The text above illustrates the clinical and temporal information that will be extracted from a safety report using NLP. The narrative text is, “Patient received smallpox vaccination on 4/21/2006 in left deltoid. 12 days after vaccination he developed increased left arm pain and pleuritic substernal chest pain. 5/11/06 transferred to hospital with chest pain, right arm pain. Final dx of acute myopericarditis, serum reaction, allergic reaction, anemia, abnormal reaction to vaccine. Medical records from previous hospitalization obtained on 5/14/06 showed PMHx of Stevens-Johnson syndrome; family hx reveals patient’s father had myocardial infarction.”

  • Relative time: “12 days after vaccination”
  • Absolute time: “4/21/2006,” “5/11/06,” and “5/14/06”
  • Vaccine: “Smallpox vaccination”
  • Symptoms: “chest pain, right arm pain”
  • Primary diagnoses: “acute myopericarditis, serum reaction, allergic reaction, anemia, abnormal reaction to vaccine”
  • Secondary diagnoses: “increased left arm pain and pleuritic substernal chest pain”
  • Medical history: “Stevens-Johnson syndrome”
  • Family history: “myocardial infarction”
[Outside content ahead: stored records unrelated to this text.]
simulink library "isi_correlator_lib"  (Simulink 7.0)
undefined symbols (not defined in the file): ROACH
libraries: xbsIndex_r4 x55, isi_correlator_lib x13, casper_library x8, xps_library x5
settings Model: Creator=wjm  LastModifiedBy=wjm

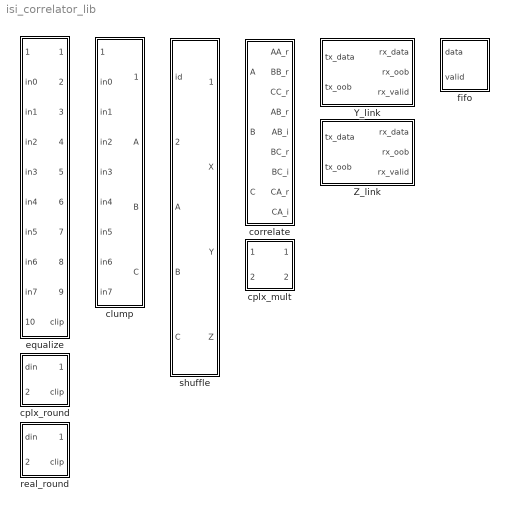
== system isi_correlator_lib ==
  Y_link : Subsystem
  Z_link : Subsystem
  clump : Subsystem
  correlate : Subsystem
  cplx_mult : Subsystem
  cplx_round : Subsystem
  equalize : Subsystem
  fifo : Subsystem
  real_round : Subsystem
  shuffle : Subsystem

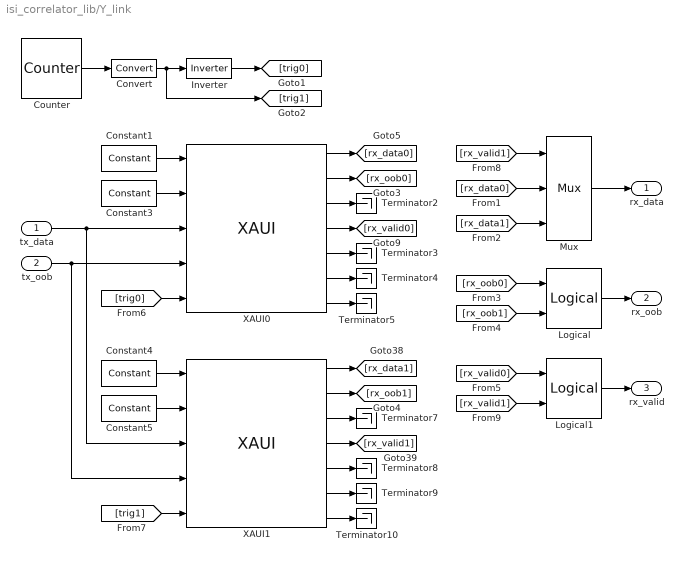
== system isi_correlator_lib/Y_link ==
  tx_data : Inport  OutDataType=sfix(16)  OutScaling=2^0
  tx_oob : Inport  Port=2  OutDataType=sfix(16)  OutScaling=2^0
  Constant1 : xbsIndex_r4/Constant  arith_type=Boolean  const=1  n_bits=1  bin_pt=0  explicit_period=on  period=1  equ=P=C  opselect=C  inp2=PCIN>>17  opr=+  inp1=P  carry=CIN  dbl_ovrd=off  block_type=constant
      settings: block_version=10.1.1
  Constant3 : xbsIndex_r4/Constant  arith_type=Boolean  const=0  n_bits=1  bin_pt=0  explicit_period=on  period=1  equ=P=C  opselect=C  inp2=PCIN>>17  opr=+  inp1=P  carry=CIN  dbl_ovrd=off  block_type=constant
      settings: block_version=10.1.1
  Constant4 : xbsIndex_r4/Constant  arith_type=Boolean  const=1  n_bits=1  bin_pt=0  explicit_period=on  period=1  equ=P=C  opselect=C  inp2=PCIN>>17  opr=+  inp1=P  carry=CIN  dbl_ovrd=off  block_type=constant
      settings: block_version=10.1.1
  Constant5 : xbsIndex_r4/Constant  arith_type=Boolean  const=0  n_bits=1  bin_pt=0  explicit_period=on  period=1  equ=P=C  opselect=C  inp2=PCIN>>17  opr=+  inp1=P  carry=CIN  dbl_ovrd=off  block_type=constant
      settings: block_version=10.1.1
  Convert : xbsIndex_r4/Convert  arith_type=Boolean  n_bits=16  bin_pt=14  quantization=Truncate  overflow=Wrap  latency=0  dbl_ovrd=off  pipeline=off  block_type=convert
      settings: block_version=10.1.3
  Counter : xbsIndex_r4/Counter  cnt_type=Free Running  cnt_to=Inf  operation=Up  start_count=0  cnt_by_val=1  arith_type=Unsigned  n_bits=1  bin_pt=0  load_pin=off  rst=off  en=off  explicit_period=on  period=1  dbl_ovrd=off  use_behavioral_HDL=off  use_rpm=off  implementation=Fabric  block_type=counter
  Inverter : xbsIndex_r4/Inverter  en=off  latency=0  dbl_ovrd=off  block_type=inv
  Logical : xbsIndex_r4/Logical  logical_function=OR  inputs=2  en=off  latency=0  precision=Full  arith_type=Unsigned  n_bits=16  bin_pt=0  align_bp=on  dbl_ovrd=off  block_type=logical
  Logical1 : xbsIndex_r4/Logical  logical_function=XOR  inputs=2  en=off  latency=0  precision=Full  arith_type=Unsigned  n_bits=16  bin_pt=0  align_bp=on  dbl_ovrd=off  block_type=logical
  Mux : xbsIndex_r4/Mux  inputs=2  en=off  latency=0  precision=Full  arith_type=Unsigned  n_bits=16  bin_pt=14  quantization=Truncate  overflow=Wrap  dbl_ovrd=off  block_type=mux
  Terminator{2..5,7..10} (8 alike) : Terminator
  XAUI0 : xps_library/XAUI  Tag=xps:xaui  SystemSampleTime=-1  demux=2  port=ROACH:0  show_param=off  pre_emph=3  swing=800
  XAUI1 : xps_library/XAUI  Tag=xps:xaui  SystemSampleTime=-1  demux=2  port=ROACH:1  show_param=off  pre_emph=3  swing=800
  rx_data : Outport  OutDataType=sfix(16)  OutScaling=2^0
  rx_oob : Outport  Port=2  OutDataType=sfix(16)  OutScaling=2^0
  rx_valid : Outport  Port=3  OutDataType=sfix(16)  OutScaling=2^0
  wires:
  [rx_valid0] -> Logical1/1
  [rx_valid1] -> Logical1/2
  Logical1/1 -> rx_valid/1
  [trig1] -> XAUI1/5
  [trig0] -> XAUI0/5
  Constant1/1 -> XAUI0/1
  Constant3/1 -> XAUI0/2
  Constant4/1 -> XAUI1/1
  Constant5/1 -> XAUI1/2
  XAUI0/2 -> [rx_oob0]
  XAUI0/3 -> Terminator2/1
  XAUI0/5 -> Terminator3/1
  XAUI0/6 -> Terminator4/1
  XAUI0/7 -> Terminator5/1
  XAUI1/7 -> Terminator10/1
  XAUI1/6 -> Terminator9/1
  XAUI1/5 -> Terminator8/1
  XAUI1/2 -> [rx_oob1]
  Counter/1 -> Convert/1
  Convert/1 -> Inverter/1, [trig1]
  Inverter/1 -> [trig0]
  tx_data/1 -> XAUI0/3, XAUI1/3
  tx_oob/1 -> XAUI0/4, XAUI1/4
  XAUI0/1 -> [rx_data0]
  XAUI0/4 -> [rx_valid0]
  XAUI1/1 -> [rx_data1]
  XAUI1/3 -> Terminator7/1
  XAUI1/4 -> [rx_valid1]
  [rx_oob0] -> Logical/1
  [rx_oob1] -> Logical/2
  Mux/1 -> rx_data/1
  Logical/1 -> rx_oob/1
  [rx_data0] -> Mux/2
  [rx_data1] -> Mux/3
  [rx_valid1] -> Mux/1

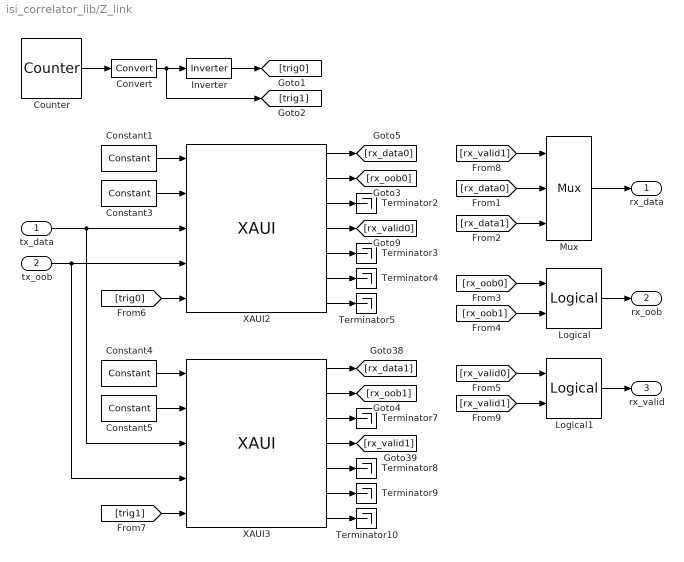
== system isi_correlator_lib/Z_link ==
  tx_data : Inport  OutDataType=sfix(16)  OutScaling=2^0
  tx_oob : Inport  Port=2  OutDataType=sfix(16)  OutScaling=2^0
  Constant1 : xbsIndex_r4/Constant  arith_type=Boolean  const=1  n_bits=1  bin_pt=0  explicit_period=on  period=1  equ=P=C  opselect=C  inp2=PCIN>>17  opr=+  inp1=P  carry=CIN  dbl_ovrd=off  block_type=constant
      settings: block_version=10.1.1
  Constant3 : xbsIndex_r4/Constant  arith_type=Boolean  const=0  n_bits=1  bin_pt=0  explicit_period=on  period=1  equ=P=C  opselect=C  inp2=PCIN>>17  opr=+  inp1=P  carry=CIN  dbl_ovrd=off  block_type=constant
      settings: block_version=10.1.1
  Constant4 : xbsIndex_r4/Constant  arith_type=Boolean  const=1  n_bits=1  bin_pt=0  explicit_period=on  period=1  equ=P=C  opselect=C  inp2=PCIN>>17  opr=+  inp1=P  carry=CIN  dbl_ovrd=off  block_type=constant
      settings: block_version=10.1.1
  Constant5 : xbsIndex_r4/Constant  arith_type=Boolean  const=0  n_bits=1  bin_pt=0  explicit_period=on  period=1  equ=P=C  opselect=C  inp2=PCIN>>17  opr=+  inp1=P  carry=CIN  dbl_ovrd=off  block_type=constant
      settings: block_version=10.1.1
  Convert : xbsIndex_r4/Convert  arith_type=Boolean  n_bits=16  bin_pt=14  quantization=Truncate  overflow=Wrap  latency=0  dbl_ovrd=off  pipeline=off  block_type=convert
      settings: block_version=10.1.3
  Counter : xbsIndex_r4/Counter  cnt_type=Free Running  cnt_to=Inf  operation=Up  start_count=0  cnt_by_val=1  arith_type=Unsigned  n_bits=1  bin_pt=0  load_pin=off  rst=off  en=off  explicit_period=on  period=1  dbl_ovrd=off  use_behavioral_HDL=off  use_rpm=off  implementation=Fabric  block_type=counter
  Inverter : xbsIndex_r4/Inverter  en=off  latency=0  dbl_ovrd=off  block_type=inv
  Logical : xbsIndex_r4/Logical  logical_function=OR  inputs=2  en=off  latency=0  precision=Full  arith_type=Unsigned  n_bits=16  bin_pt=0  align_bp=on  dbl_ovrd=off  block_type=logical
  Logical1 : xbsIndex_r4/Logical  logical_function=XOR  inputs=2  en=off  latency=0  precision=Full  arith_type=Unsigned  n_bits=16  bin_pt=0  align_bp=on  dbl_ovrd=off  block_type=logical
  Mux : xbsIndex_r4/Mux  inputs=2  en=off  latency=0  precision=Full  arith_type=Unsigned  n_bits=16  bin_pt=14  quantization=Truncate  overflow=Wrap  dbl_ovrd=off  block_type=mux
  Terminator{2..5,7..10} (8 alike) : Terminator
  XAUI2 : xps_library/XAUI  Tag=xps:xaui  SystemSampleTime=-1  demux=2  port=ROACH:2  show_param=off  pre_emph=3  swing=800
  XAUI3 : xps_library/XAUI  Tag=xps:xaui  SystemSampleTime=-1  demux=2  port=ROACH:3  show_param=off  pre_emph=3  swing=800
  rx_data : Outport  OutDataType=sfix(16)  OutScaling=2^0
  rx_oob : Outport  Port=2  OutDataType=sfix(16)  OutScaling=2^0
  rx_valid : Outport  Port=3  OutDataType=sfix(16)  OutScaling=2^0
  wires:
  [rx_valid0] -> Logical1/1
  [rx_valid1] -> Logical1/2
  Logical1/1 -> rx_valid/1
  [trig1] -> XAUI3/5
  [trig0] -> XAUI2/5
  Constant1/1 -> XAUI2/1
  Constant3/1 -> XAUI2/2
  Constant4/1 -> XAUI3/1
  Constant5/1 -> XAUI3/2
  XAUI2/2 -> [rx_oob0]
  XAUI2/3 -> Terminator2/1
  XAUI2/5 -> Terminator3/1
  XAUI2/6 -> Terminator4/1
  XAUI2/7 -> Terminator5/1
  XAUI3/7 -> Terminator10/1
  XAUI3/6 -> Terminator9/1
  XAUI3/5 -> Terminator8/1
  XAUI3/2 -> [rx_oob1]
  Counter/1 -> Convert/1
  Convert/1 -> Inverter/1, [trig1]
  Inverter/1 -> [trig0]
  tx_data/1 -> XAUI2/3, XAUI3/3
  tx_oob/1 -> XAUI2/4, XAUI3/4
  XAUI2/1 -> [rx_data0]
  XAUI2/4 -> [rx_valid0]
  XAUI3/1 -> [rx_data1]
  XAUI3/3 -> Terminator7/1
  XAUI3/4 -> [rx_valid1]
  [rx_oob0] -> Logical/1
  [rx_oob1] -> Logical/2
  Mux/1 -> rx_data/1
  Logical/1 -> rx_oob/1
  [rx_data0] -> Mux/2
  [rx_data1] -> Mux/3
  [rx_valid1] -> Mux/1

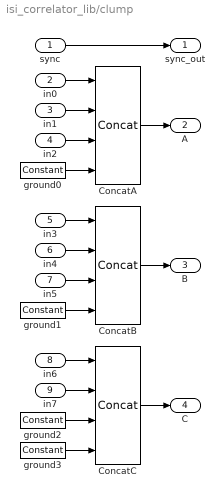
== system isi_correlator_lib/clump ==
  sync : Inport
  in0 : Inport  Port=2
  in1 : Inport  Port=3
  in2 : Inport  Port=4
  in3 : Inport  Port=5
  in4 : Inport  Port=6
  in5 : Inport  Port=7
  in6 : Inport  Port=8
  in7 : Inport  Port=9
  ConcatA : xbsIndex_r4/Concat  num_inputs=4  dbl_ovrd=off  block_type=concat
      settings: block_version=10.1.1
  ConcatB : xbsIndex_r4/Concat  num_inputs=4  dbl_ovrd=off  block_type=concat
      settings: block_version=10.1.1
  ConcatC : xbsIndex_r4/Concat  num_inputs=4  dbl_ovrd=off  block_type=concat
      settings: block_version=10.1.1
  ground{0..3} (4 alike) : xbsIndex_r4/Constant  arith_type=Unsigned  const=0  n_bits=8  bin_pt=0  explicit_period=on  period=1  equ=P=C  opselect=C  inp2=PCIN>>17  opr=+  inp1=P  carry=CIN  dbl_ovrd=off  block_type=constant
      settings: block_version=10.1.1
  sync_out : Outport
  A : Outport  Port=2
  B : Outport  Port=3
  C : Outport  Port=4
  wires:
  ConcatC/1 -> C/1
  ConcatB/1 -> B/1
  ConcatA/1 -> A/1
  ground3/1 -> ConcatC/4
  ground2/1 -> ConcatC/3
  in7/1 -> ConcatC/2
  in6/1 -> ConcatC/1
  ground1/1 -> ConcatB/4
  in5/1 -> ConcatB/3
  in4/1 -> ConcatB/2
  in3/1 -> ConcatB/1
  ground0/1 -> ConcatA/4
  in2/1 -> ConcatA/3
  in1/1 -> ConcatA/2
  in0/1 -> ConcatA/1
  sync/1 -> sync_out/1

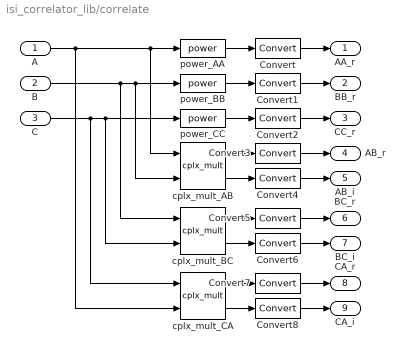
== system isi_correlator_lib/correlate ==
  A : Inport  OutDataType=sfix(16)  OutScaling=2^0
  B : Inport  Port=2  OutDataType=sfix(16)  OutScaling=2^0
  C : Inport  Port=3  OutDataType=sfix(16)  OutScaling=2^0
  Convert{,1..8} (9 alike) : xbsIndex_r4/Convert  arith_type="Signed  (2's comp)"  n_bits=8  bin_pt=7  quantization=Truncate  overflow=Wrap  latency=0  dbl_ovrd=off  pipeline=off  block_type=convert
      settings: block_version=10.1.3
  cplx_mult_AB : isi_correlator_lib/cplx_mult  SystemSampleTime=-1
  cplx_mult_BC : isi_correlator_lib/cplx_mult  SystemSampleTime=-1
  cplx_mult_CA : isi_correlator_lib/cplx_mult  SystemSampleTime=-1
  power_AA : casper_library/Misc/power  SystemSampleTime=-1  BitWidth=8
  power_BB : casper_library/Misc/power  SystemSampleTime=-1  BitWidth=8
  power_CC : casper_library/Misc/power  SystemSampleTime=-1  BitWidth=8
  AA_r : Outport  OutDataType=sfix(16)  OutScaling=2^0
  BB_r : Outport  Port=2  OutDataType=sfix(16)  OutScaling=2^0
  CC_r : Outport  Port=3  OutDataType=sfix(16)  OutScaling=2^0
  AB_r : Outport  Port=4  OutDataType=sfix(16)  OutScaling=2^0
  AB_i : Outport  Port=5  OutDataType=sfix(16)  OutScaling=2^0
  BC_r : Outport  Port=6  OutDataType=sfix(16)  OutScaling=2^0
  BC_i : Outport  Port=7  OutDataType=sfix(16)  OutScaling=2^0
  CA_r : Outport  Port=8  OutDataType=sfix(16)  OutScaling=2^0
  CA_i : Outport  Port=9  OutDataType=sfix(16)  OutScaling=2^0
  wires:
  Convert8/1 -> CA_i/1
  Convert7/1 -> CA_r/1
  Convert6/1 -> BC_i/1
  Convert5/1 -> BC_r/1
  Convert4/1 -> AB_i/1
  Convert3/1 -> AB_r/1
  Convert2/1 -> CC_r/1
  Convert1/1 -> BB_r/1
  Convert/1 -> AA_r/1
  cplx_mult_CA/2 -> Convert8/1
  cplx_mult_CA/1 -> Convert7/1
  cplx_mult_BC/2 -> Convert6/1
  cplx_mult_BC/1 -> Convert5/1
  cplx_mult_AB/2 -> Convert4/1
  cplx_mult_AB/1 -> Convert3/1
  power_CC/1 -> Convert2/1
  power_BB/1 -> Convert1/1
  power_AA/1 -> Convert/1
  A/1 -> cplx_mult_AB/1, power_AA/1, cplx_mult_CA/2
  B/1 -> cplx_mult_AB/2, power_BB/1, cplx_mult_BC/1
  C/1 -> cplx_mult_BC/2, power_CC/1, cplx_mult_CA/1

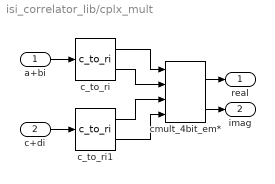
== system isi_correlator_lib/cplx_mult ==
  a+bi : Inport  OutDataType=sfix(16)  OutScaling=2^0
  c+di : Inport  Port=2  OutDataType=sfix(16)  OutScaling=2^0
  c_to_ri : casper_library/Misc/c_to_ri  SystemSampleTime=-1  n_bits=8  bin_pt=7
      settings: AttributesFormatString=8_7 r/i
  c_to_ri1 : casper_library/Misc/c_to_ri  SystemSampleTime=-1  n_bits=8  bin_pt=7
      settings: AttributesFormatString=8_7 r/i
  cmult_4bit_em* : casper_library/Multipliers/cmult_4bit_em*  SystemSampleTime=-1  mult_latency=3  add_latency=2
  real : Outport  OutDataType=sfix(16)  OutScaling=2^0
  imag : Outport  Port=2  OutDataType=sfix(16)  OutScaling=2^0
  wires:
  cmult_4bit_em*/2 -> imag/1
  cmult_4bit_em*/1 -> real/1
  a+bi/1 -> c_to_ri/1
  c_to_ri/1 -> cmult_4bit_em*/1
  c+di/1 -> c_to_ri1/1
  c_to_ri1/2 -> cmult_4bit_em*/4
  c_to_ri/2 -> cmult_4bit_em*/2
  c_to_ri1/1 -> cmult_4bit_em*/3

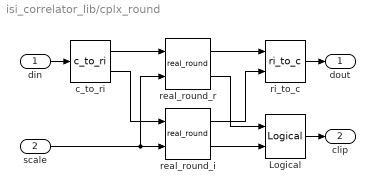
== system isi_correlator_lib/cplx_round ==
  din : Inport  OutDataType=sfix(16)  OutScaling=2^0
  scale : Inport  Port=2  OutDataType=sfix(16)  OutScaling=2^0
  Logical : xbsIndex_r4/Logical  logical_function=OR  inputs=2  en=off  latency=2  precision=Full  arith_type=Unsigned  n_bits=8  bin_pt=2  align_bp=on  dbl_ovrd=off  block_type=logical
      settings: xl_area=[0, 0, 0, 0, 0, 0, 0]
  c_to_ri : casper_library/Misc/c_to_ri  SystemSampleTime=-1  n_bits=8  bin_pt=7
      settings: AttributesFormatString=8_7 r/i
  real_round_i : isi_correlator_lib/real_round  SystemSampleTime=-1
  real_round_r : isi_correlator_lib/real_round  SystemSampleTime=-1
  ri_to_c : casper_library/Misc/ri_to_c  SystemSampleTime=-1
  dout : Outport  OutDataType=sfix(16)  OutScaling=2^0
  clip : Outport  Port=2  OutDataType=sfix(16)  OutScaling=2^0
  wires:
  c_to_ri/2 -> real_round_i/1
  c_to_ri/1 -> real_round_r/1
  din/1 -> c_to_ri/1
  real_round_i/1 -> ri_to_c/2
  real_round_r/1 -> ri_to_c/1
  scale/1 -> real_round_i/2, real_round_r/2
  real_round_i/2 -> Logical/2
  real_round_r/2 -> Logical/1
  ri_to_c/1 -> dout/1
  Logical/1 -> clip/1

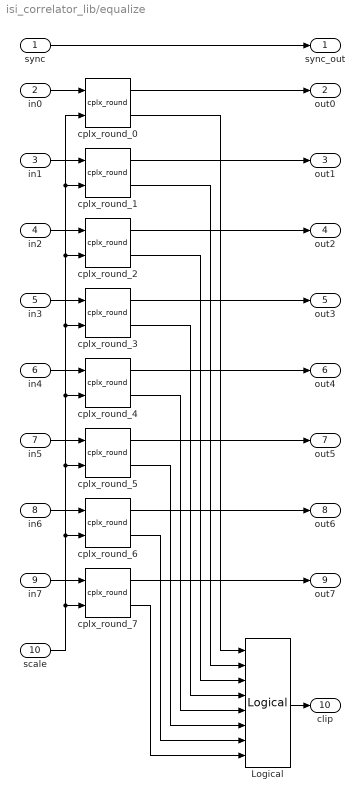
== system isi_correlator_lib/equalize ==
  sync : Inport
  in0 : Inport  Port=2
  in1 : Inport  Port=3
  in2 : Inport  Port=4
  in3 : Inport  Port=5
  in4 : Inport  Port=6
  in5 : Inport  Port=7
  in6 : Inport  Port=8
  in7 : Inport  Port=9
  scale : Inport  Port=10
  Logical : xbsIndex_r4/Logical  logical_function=OR  inputs=8  en=off  latency=0  precision=Full  arith_type=Unsigned  n_bits=16  bin_pt=0  align_bp=on  dbl_ovrd=off  block_type=logical
  cplx_round_{0..7} (8 alike) : isi_correlator_lib/cplx_round  SystemSampleTime=-1
  sync_out : Outport
  out0 : Outport  Port=2
  out1 : Outport  Port=3
  out2 : Outport  Port=4
  out3 : Outport  Port=5
  out4 : Outport  Port=6
  out5 : Outport  Port=7
  out6 : Outport  Port=8
  out7 : Outport  Port=9
  clip : Outport  Port=10
  wires:
  sync/1 -> sync_out/1
  scale/1 -> cplx_round_0/2, cplx_round_1/2, cplx_round_2/2, cplx_round_3/2, cplx_round_4/2, cplx_round_5/2, cplx_round_6/2, cplx_round_7/2
  in0/1 -> cplx_round_0/1
  in1/1 -> cplx_round_1/1
  in2/1 -> cplx_round_2/1
  in3/1 -> cplx_round_3/1
  in4/1 -> cplx_round_4/1
  in5/1 -> cplx_round_5/1
  in6/1 -> cplx_round_6/1
  in7/1 -> cplx_round_7/1
  cplx_round_0/1 -> out0/1
  cplx_round_1/1 -> out1/1
  cplx_round_2/1 -> out2/1
  cplx_round_3/1 -> out3/1
  cplx_round_4/1 -> out4/1
  cplx_round_5/1 -> out5/1
  cplx_round_6/1 -> out6/1
  cplx_round_7/1 -> out7/1
  cplx_round_7/2 -> Logical/8
  cplx_round_6/2 -> Logical/7
  cplx_round_5/2 -> Logical/6
  cplx_round_4/2 -> Logical/5
  cplx_round_3/2 -> Logical/4
  cplx_round_2/2 -> Logical/3
  cplx_round_1/2 -> Logical/2
  cplx_round_0/2 -> Logical/1
  Logical/1 -> clip/1

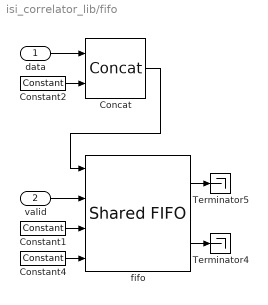
== system isi_correlator_lib/fifo ==
  data : Inport
  valid : Inport  Port=2
  Concat : xbsIndex_r4/Concat  num_inputs=2  dbl_ovrd=off  block_type=concat
      settings: block_version=10.1.3
  Constant1 : xbsIndex_r4/Constant  arith_type=Boolean  const=0  n_bits=1  bin_pt=0  explicit_period=on  period=1  equ=P=C  opselect=C  inp2=PCIN>>17  opr=+  inp1=P  carry=CIN  dbl_ovrd=off  block_type=constant
      settings: block_version=10.1.1
  Constant2 : xbsIndex_r4/Constant  arith_type=Unsigned  const=0  n_bits=4  bin_pt=0  explicit_period=on  period=1  equ=P=C  opselect=C  inp2=PCIN>>17  opr=+  inp1=P  carry=CIN  dbl_ovrd=off  block_type=constant
      settings: block_version=10.1.1
  Constant4 : xbsIndex_r4/Constant  arith_type=Boolean  const=0  n_bits=1  bin_pt=0  explicit_period=on  period=1  equ=P=C  opselect=C  inp2=PCIN>>17  opr=+  inp1=P  carry=CIN  dbl_ovrd=off  block_type=constant
      settings: block_version=10.1.1
  Terminator4 : Terminator
  Terminator5 : Terminator
  fifo : xps_library/Shared FIFO  Tag=xps:fifo  SystemSampleTime=-1  io_dir=To Processor  arith_type=Unsigned  data_width=256  data_bin_pt=0  fifo_length=512
  wires:
  fifo/1 -> Terminator5/1
  fifo/2 -> Terminator4/1
  Constant1/1 -> fifo/3
  Constant4/1 -> fifo/4
  data/1 -> Concat/1
  Constant2/1 -> Concat/2
  valid/1 -> fifo/2
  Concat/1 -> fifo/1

Use Case 2: Extraction of Temporal Information and Identification of Temporal Relationships in Safety Reports

The chart above shows how the relationships between the temporal data will be identified and visualized after they are extracted from a safety report using NLP. The chart shows exposure to the smallpox vaccine on day 0 (4/21/2006). On day 12 (5/3/2006), symptoms develop. On day 20 (5/11/2006), the primary and secondary diagnoses are recorded.

Use Case 3: Summarization of Adverse Event Information

A summary is included in the safety narratives by combining the structured data fields (age, sex, and product names) with the clinical and temporal information from the safety narratives. Two types of summaries will be created for each safety report: a brief textual summary and a structured tabular summary.